HITOS DE MI ESCALERA (19)

La conclusión de 2º de BUP -15 años, recién cumplidos- supuso el final de mi vida académica desastrosa en el instituto, y de la sensación tan desagradable de estar tan perdido en un aula. No volví nunca a cosechar notas tan malas. Pero todo pasa, y al acabar ese curso había que optar por un 3º de “letras” o de “ciencias”. Y ése fue el comienzo de la maravilla. Comenzar el curso sólo con letras y sin números fue para mí algo tan gozoso que, pese a que mi cabeza aún daba bandazos por mi timidez y por los efectos propios de la adolescencia, estaba tan feliz con asignaturas que me importaban, que las dificultades inherentes a ellas me afectaron más bien poco. Porque dificultades hubo, sobre todo en Griego y en Francés. Pero ¿qué suponían, en comparación con las habidas en Física y en Matemáticas? Nada, absolutamente nada. Ahora, la Literatura, la Historia, el Arte, la Lengua, crearían para mí el edificio donde me alojaría ya para siempre. Letras puras, se decía entonces. Literatura, Latín y griego. A pesar de la inepcia de la profesora de griego, del férreo marcaje de la profesora de francés, y de la prorrogada dureza del profesor del latín (el mismo cuyo episodio narré más arriba), el 3º de BUP supuso un paseo militar en comparación con los dos cursos precedentes. Encarrilaba mi vida académica y mis gustos se acomodaban a las exigencias.

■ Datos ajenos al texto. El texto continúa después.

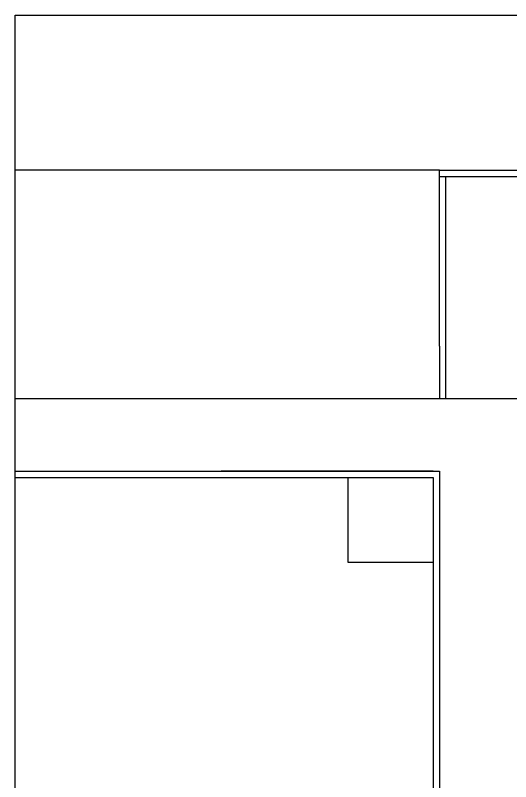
# Model space of a CAD drawing. Header units: inches. Extents: x -55 to 844, y -103 to 167.
# Drawn here: x 634.19 to 645.87, y 48.63 to 66.7 of the extents above; entities that cross this region are included whole.
import ezdxf

# ---------------------------------------------------------------- set-up
doc = ezdxf.new("R2010")
doc.units = ezdxf.units.IN
doc.header["$MEASUREMENT"] = 0

msp = doc.modelspace()

# ---------------------------------------------------------------- linework, layer by layer
for p, q in [((634.193, 66.701), (709.193, 66.701)), ((634.193, 22.701), (634.193, 66.701)), ((644.193, 63.051), (634.193, 63.051)), ((644.193, 58.901), (644.193, 63.051)), ((644.193, 63.051), (648.193, 63.051)), ((644.193, 63.051), (701.693, 63.051)), ((644.193, 62.901), (701.693, 62.901)), ((644.343, 57.661), (644.343, 62.901)), ((644.343, 62.901), (648.193, 62.901)), ((644.193, 58.901), (644.193, 57.661)), ((634.193, 57.661), (649.093, 57.661)), ((634.193, 55.951), (644.193, 55.951)), ((644.043, 55.951), (639.043, 55.951)), ((644.193, 55.951), (644.193, 49.585)), ((644.193, 55.951), (644.193, 35.191)), ((634.193, 55.801), (644.043, 55.801)), ((642.043, 53.801), (642.043, 55.801)), ((644.043, 55.801), (644.043, 48.189)), ((644.043, 55.801), (644.043, 53.801)), ((644.043, 53.801), (642.043, 53.801))]:
    msp.add_line(p, q)

doc.saveas('drawing.dxf')

Pero ese curso tendría también unas consecuencias imprevistas, aunque positivas, en el ámbito del pensamiento. En aquélla, la religión era obligatoria (ya ha sido relatado mi progresivo alejamiento de la religión católica y, sobre todo, de su institución dirigente, la Iglesia). Pero ese curso, mi apartamiento iba a hallar una justificación teórica. Y sería de tal calibre, que pasaría del simple rechazo a la furibunda militancia anticatólica. Lo sorprendente no vino porque no la fuera a hallar en algún momento, sino por dónde la encontré: nada menos que ¡en el propio libro de religión! El cura que nos daba la materia -don Víctor- era un desastre como docente, aquejado de una halitosis excluyente, pero era buena persona. Nada que ver con los agresivos córvidos de cursos anteriores. Si aquel cura llega a saber que el mismo libro de ECIR que teníamos como oficial (“El cristiano en el mundo de hoy”, de Millet, Corbín y Comes) influiría en mí como lo hizo, le hubiera dado un auténtico pasmo. El caso es que en el programa oficial venía una relación de pensadores ateos, que habían hecho críticas más o menos violentas contra la religión católica. Y en las reseñas de dichos autores fue donde bebí con avidez, porque lo que habían escrito era el fundamento teórico que yo necesitaba para justificar lo que había ido pensando y sintiendo por mi cuenta. De ese modo tan curioso accedí a resúmenes de la ideología de personajes clave en mi vida posterior como Karl Marx, Miguel de Unamuno, Friedrich Nietzsche, Albert Camus o Jean-Paul Sartre. Aquellos capitulitos fueron la puerta de acceso a mundos que había buscado sin saberlo. Fueron la antesala a lecturas ya personalizadas de cuanto dichos pensadores ofrecieron. Quienes crearon ese currículum no cayeron en la cuenta de que, pretendiendo adoctrinar, estarían ofreciendo el alimento “corruptor” que mayor daño podría hacer a la institución que representaban. Para mí fue un maná, al que nunca podré estar suficientemente agradecido. Aquellos febriles subrayados -que hoy he repasado, pues conservo aquel libro, capital en mi vida- fueron las vías que me adentraron en una senda que hoy aún transito, feliz y contento, pero sobre todo, con la justificación teórica que el asunto requería.